Similarly, America's top economists, demographers, and even national security experts know that technological innovation and population diversity are essential to our nation's future prosperity. This month, the Atlantic Council released, "Keeping America's Innovation Edge," a report on the intersection of U.S. populations (in particular, the role of immigrants, American-born ethnic minorities, and residents in mid-sized cities including Madison, Wisc., and Boulder, CO); the two year-long study found that increased investments in higher education, and in technical training or "re-skilling" for current workers are acutely needed if the U.S. is to continue to prosper as a leader in technology and STEM-driven economic development.
"Though foreign-born residents of the United States represent only an eighth of the country's population, in STEM fields their numbers far outweigh this figure (for instance, roughly half of STEM PhDs are foreign-born residents)," wrote Mathew J. Burrows, a leader at the Atlantic Council. He continued:
"Skilled immigrants have an outsized role in America's innovation machine, often becoming the entrepreneurs behind new companies (one recent study says that more than half the US tech startups valued at $1 billion or more were created by foreign-born entrepreneurs) or filling the highly skilled technical positions in companies across the country. To put this situation another way, the United States benefits from the dynamism and creativity that skilled immigrants bring with them while compensating for its own shortcomings."
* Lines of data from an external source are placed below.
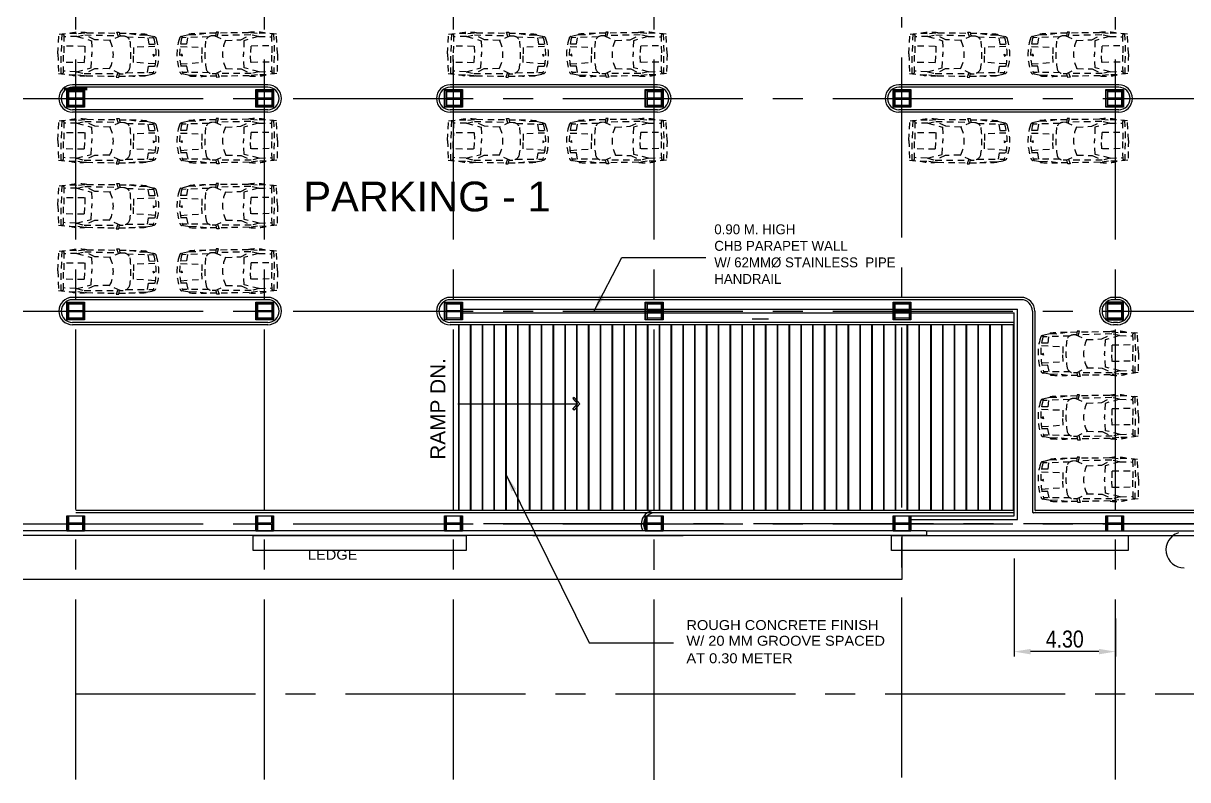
# Model space of a CAD drawing. Header units: millimetres. Extents: x 2148 to 2681, y 758 to 986.
# Drawn here: x 2227.54 to 2252.2, y 801.86 to 817.87 of the extents above; entities that cross this region are included whole.
import ezdxf

# ---------------------------------------------------------------- set-up
doc = ezdxf.new("R2010")
doc.units = ezdxf.units.MM
for name, pattern in [('CENTER', [2, 1.25, -0.25, 0.25, -0.25]), ('CENTER2', [28.575, 19.05, -3.175, 3.175, -3.175]), ('HIDDEN', [0.375, 0.25, -0.125])]:
    doc.linetypes.add(name, pattern=pattern)
for name, color, linetype in [('CL', 1, 'CENTER'), ('cladding', 2, 'Continuous'), ('COL-EX', 2, 'Continuous'), ('COL-IN', 2, 'Continuous'), ('D', 1, 'Continuous'), ('DR', 7, 'Continuous'), ('ELAYOUT', 4, 'Continuous'), ('HATCH', 8, 'Continuous'), ('S_GRID LINES', 252, 'Continuous'), ('TEXT', 6, 'Continuous')]:
    doc.layers.add(name, color=color, linetype=linetype)
doc.styles.add('ARIALNW', font='ARIALN.TTF')
doc.styles.add('MMTX$0$ESMX$0$X-OPTA1D', font='x-opta1d')
doc.styles.add('SWISS', font='swissl.ttf')
doc.dimstyles.new('DIM 200', dxfattribs={"dimtxt": 0.36, "dimasz": 0.35, "dimexe": 0.1, "dimexo": 0, "dimgap": 0.08, "dimtad": 1, "dimlfac": 2, "dimrnd": 0.005, "dimzin": 1, "dimdsep": 46, "dimtxsty": 'ARIALNW', "dimcen": 0.09, "dimclrd": 6, "dimclre": 6, "dimclrt": 13, "dimadec": 0, "dimazin": 0, "dimtfac": 1, "dimtofl": 0, "dimtmove": 2, "dimatfit": 3, "dimfxl": 1, "dimtolj": 1, "dimtzin": 0, "dimarcsym": 0})

# ---------------------------------------------------------------- blocks, each defined once
blk = doc.blocks.new('CAR-PL4')
at = {"layer": 'DR', "color": 8, "linetype": 'HIDDEN'}
for p, q in [((-1.106, -0.352), (-1.073, -0.343)), ((-1.084, -0.357), (-1.024, -0.06)), ((-1.074, -0.615), (-1.084, -0.357)), ((-0.972, -0.074), (-1.039, -0.108)), ((-0.991, -1.103), (-0.972, -0.074)), ((-0.973, -0.292), (-0.73, -0.253)), ((-0.73, -0.253), (-0.73, -0.034)), ((-0.637, -0.02), (-0.591, -0.835)), ((-0.34, -0.081), (-0.31, -0.024)), ((-0.307, -0.073), (-0.34, -0.081)), ((-0.303, -0.073), (-0.271, -0.081)), ((-0.271, -0.081), (-0.301, -0.024)), ((0.027, -0.02), (-0.019, -0.835)), ((0.12, -0.253), (0.119, -0.034)), ((0.362, -0.292), (0.12, -0.253)), ((0.361, -0.074), (0.428, -0.108)), ((0.381, -1.103), (0.361, -0.074)), ((0.473, -0.357), (0.413, -0.06)), ((0.495, -0.352), (0.462, -0.343)), ((0.463, -0.615), (0.473, -0.357)), ((-1.127, -1.001), (-1.074, -0.615)), ((-0.591, -0.835), (-0.295, -0.833)), ((-0.019, -0.835), (-0.316, -0.833)), ((0.516, -1.001), (0.463, -0.615)), ((-1.13, -1.385), (-1.127, -1.001)), ((-1.032, -1.366), (-1.03, -1.221)), ((-1.032, -1.337), (-0.843, -1.75)), ((0.421, -1.337), (0.232, -1.75)), ((0.421, -1.366), (0.42, -1.221)), ((0.519, -1.385), (0.516, -1.001)), ((-1.174, -1.393), (-1.024, -1.365)), ((-1.174, -1.485), (-1.174, -1.393)), ((-0.999, -1.426), (-1.174, -1.485)), ((-1.133, -1.81), (-1.13, -1.47)), ((-1.047, -2.715), (-1.033, -1.437)), ((-0.843, -1.75), (-0.863, -2.33)), ((0.232, -1.75), (0.252, -2.33)), ((0.388, -1.426), (0.563, -1.485)), ((0.563, -1.393), (0.414, -1.365)), ((0.436, -2.715), (0.422, -1.437)), ((0.522, -1.81), (0.52, -1.47)), ((0.563, -1.485), (0.563, -1.393)), ((-1.128, -2.637), (-1.133, -1.81)), ((0.517, -2.637), (0.522, -1.81)), ((-1.094, -2.961), (-1.128, -2.637)), ((-0.863, -2.33), (-1.041, -2.697)), ((-0.98, -3.015), (-0.828, -2.453)), ((-0.828, -2.453), (-0.302, -2.428)), ((0.217, -2.453), (-0.309, -2.428)), ((0.369, -3.015), (0.217, -2.453)), ((0.252, -2.33), (0.43, -2.697)), ((0.483, -2.961), (0.517, -2.637)), ((-1.102, -3.289), (-1.094, -2.961)), ((-0.98, -3.015), (-1.047, -2.715)), ((-0.98, -3.015), (-0.962, -3.514)), ((-0.618, -2.711), (-0.304, -2.7)), ((-0.616, -3.41), (-0.618, -2.711)), ((0.007, -2.711), (-0.306, -2.7)), ((0.005, -3.41), (0.007, -2.711)), ((0.369, -3.015), (0.351, -3.514)), ((0.369, -3.015), (0.436, -2.715)), ((0.491, -3.289), (0.483, -2.961)), ((-1.059, -3.702), (-1.102, -3.289)), ((-1.074, -3.597), (-1.032, -3.514)), ((-1.032, -3.514), (-0.302, -3.514)), ((0.421, -3.514), (-0.309, -3.514)), ((0.463, -3.597), (0.421, -3.514)), ((0.448, -3.702), (0.491, -3.289)), ((-1.076, -3.594), (-0.301, -3.614)), ((-0.304, -3.733), (-1.059, -3.702)), ((0.465, -3.594), (-0.31, -3.614)), ((-0.307, -3.733), (0.448, -3.702))]:
    blk.add_line(p, q, dxfattribs=at)
for centre, radius, start, end in [((-0.926, -0.08), 0.1, 99.1082, 168.6925), ((-0.305, -2.397), 2.416, 73.9881, 106.0119), ((-0.305, -1.881), 2.004, 71.4744, 108.5256), ((0.315, -0.08), 0.1, 11.3075, 80.8918), ((4.35, -0.819), 5.477, 175.0805, 181.8902), ((-4.96, -0.819), 5.477, 358.1098, 4.9195), ((-0.772, -1.237), 0.259, 103.928, 176.4903), ((-0.305, -4.704), 3.756, 81.9077, 98.0923), ((0.161, -1.237), 0.259, 3.5097, 76.072), ((-0.305, -2.814), 1.192, 63.3754, 116.6246), ((0.437, -2.887), 1.591, 170.8054, 194.642), ((-1.048, -2.887), 1.591, 345.358, 9.1946)]:
    blk.add_arc(centre, radius, start, end, dxfattribs=at)
blk = doc.blocks.new('*D2193')
at = {"color": 6, "lineweight": -2, "transparency": 16777216}
for p, q in [((2248.527, 806.537), (2248.527, 804.467)), ((2250.674, 805.268), (2250.674, 804.467)), ((2250.324, 804.567), (2248.877, 804.567))]:
    blk.add_line(p, q, dxfattribs=at)
at = {"color": 6, "transparency": 16777216}
for points in [[(2248.877, 804.625), (2248.877, 804.509), (2248.527, 804.567)], [(2250.324, 804.625), (2250.324, 804.509), (2250.674, 804.567)]]:
    blk.add_solid(points, dxfattribs=at)
at = {"layer": 'Defpoints', "color": 0, "transparency": 16777216}
for p in [(2248.527, 806.537, 0), (2250.674, 805.268, 0), (2248.527, 804.567)]:
    blk.add_point(p, dxfattribs=at)
at = {"color": 13, "transparency": 16777216, "insert": (2249.601, 804.831), "char_height": 0.36, "attachment_point": 5, "style": 'ARIALNW'}
blk.add_mtext('\\A1;4.30', dxfattribs=at)

msp = doc.modelspace()

# ---------------------------------------------------------------- linework, layer by layer
at = {"ltscale": 0.5}
for p, q in [((2228.4132577, 816.4904004, 0), (2228.8948826, 816.4904004, 0)), ((2228.4132577, 816.4654004, 0), (2228.8948826, 816.4654004, 0))]:
    msp.add_line(p, q, dxfattribs=at)
at = {"color": 2}
for p, q in [((2236.8423814, 811.8127784, 0), (2248.6021511, 811.8127784, 0)), ((2236.8423814, 811.7377784, 0), (2248.5271511, 811.7377784, 0)), ((2248.5271511, 807.4401244, 0), (2248.5271511, 811.7377784, 0)), ((2248.6021511, 807.3651244, 0), (2248.6021511, 811.8127784, 0)), ((2246.3423826, 807.4401244, 0), (2248.5271511, 807.4401244, 0)), ((2246.3423826, 807.3651244, 0), (2248.6021511, 807.3651244, 0))]:
    msp.add_line(p, q, dxfattribs=at)
msp.add_arc((2252.1244141, 806.7199971, 0), 0.3810724, 108.12689388, 271.0226994)
at = {"layer": 'CL', "color": 1, "linetype": 'ByBlock', "ltscale": 0.5, "elevation": 0}
for points in [[(2236.9252239, 807.0252609), (2236.9252239, 806.7044035), (2232.4126405, 806.7044035), (2232.4126405, 807.0252609)], [(2250.9420658, 807.0255749), (2250.9420658, 806.7047175), (2245.9336183, 806.7047175), (2245.9336183, 807.0255749)]]:
    msp.add_lwpolyline(points, close=True, dxfattribs=at)
at = {"layer": 'cladding', "elevation": 0}
for points in [[(2228.8423826, 816.4651244), (2228.8423826, 816.0901244), (2228.4673826, 816.0901244), (2228.4673826, 816.4651244)], [(2232.8423826, 816.4651244), (2232.8423826, 816.0901244), (2232.4673826, 816.0901244), (2232.4673826, 816.4651244)], [(2236.8423826, 816.4651244), (2236.8423826, 816.0901244), (2236.4673826, 816.0901244), (2236.4673826, 816.4651244)], [(2241.0923826, 816.4651244), (2241.0923826, 816.0901244), (2240.7173826, 816.0901244), (2240.7173826, 816.4651244)], [(2246.3423826, 816.4651244), (2246.3423826, 816.0901244), (2245.9673826, 816.0901244), (2245.9673826, 816.4651244)], [(2250.8423826, 816.4651244), (2250.8423826, 816.0901244), (2250.4673826, 816.0901244), (2250.4673826, 816.4651244)], [(2228.8423826, 811.9651244), (2228.8423826, 811.5901244), (2228.4673826, 811.5901244), (2228.4673826, 811.9651244)], [(2232.8423826, 811.9651244), (2232.8423826, 811.5901244), (2232.4673826, 811.5901244), (2232.4673826, 811.9651244)], [(2236.8423826, 811.9651244), (2236.8423826, 811.5901244), (2236.4673826, 811.5901244), (2236.4673826, 811.9651244)], [(2241.0923826, 811.9651244), (2241.0923826, 811.5901244), (2240.7173826, 811.5901244), (2240.7173826, 811.9651244)], [(2246.3423826, 811.9651244), (2246.3423826, 811.5901244), (2245.9673826, 811.5901244), (2245.9673826, 811.9651244)], [(2250.8423826, 811.5901244), (2250.8423826, 811.9651244), (2250.4673826, 811.9651244), (2250.4673826, 811.5901244)], [(2228.8423826, 807.4401244), (2228.8423826, 807.1151244), (2228.4673826, 807.1151244), (2228.4673826, 807.4401244)], [(2232.8423826, 807.4401244), (2232.8423826, 807.1151244), (2232.4673826, 807.1151244), (2232.4673826, 807.4401244)], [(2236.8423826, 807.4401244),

But, while Burrows and other researchers take a high-level view, examining existing and historic data, and extrapolating forward from there, those of us who grew up during the past few decades in ethnic communities or in cities and neighborhoods with a diverse array of income-levels and cultures, are intimately familiar with the kind of entrepreneurial and workforce-related "dynamism" that researchers are now seriously investigating for clues to the nation's economic outlook.
As Barr of the University of Michigan found in his March 2015 study, "Not only are minority and women business owners a growing segment of the entrepreneur population, but their businesses also tend to be relatively dynamic. From 1997 to 2007 total gross receipts — defined as sales, receipts, and values of shipments — from minority firms grew much faster than the total gross receipts of non-minority firms."
While tangible barriers do at present limit the ability of mass numbers of blacks and Latinos to dramatically remake high-growth sectors, I take an optimistic view. I look at the irrefutable data-sets and projection models covering the rise in tech-driven new industries, and the increase in ethnic populations, and combine them with my own family's story of adaptability, intellectual toughness, and creativity. Together, these factors tell me that coal is not our future, and that our role in shaping industries of the future will only grow in importance over time.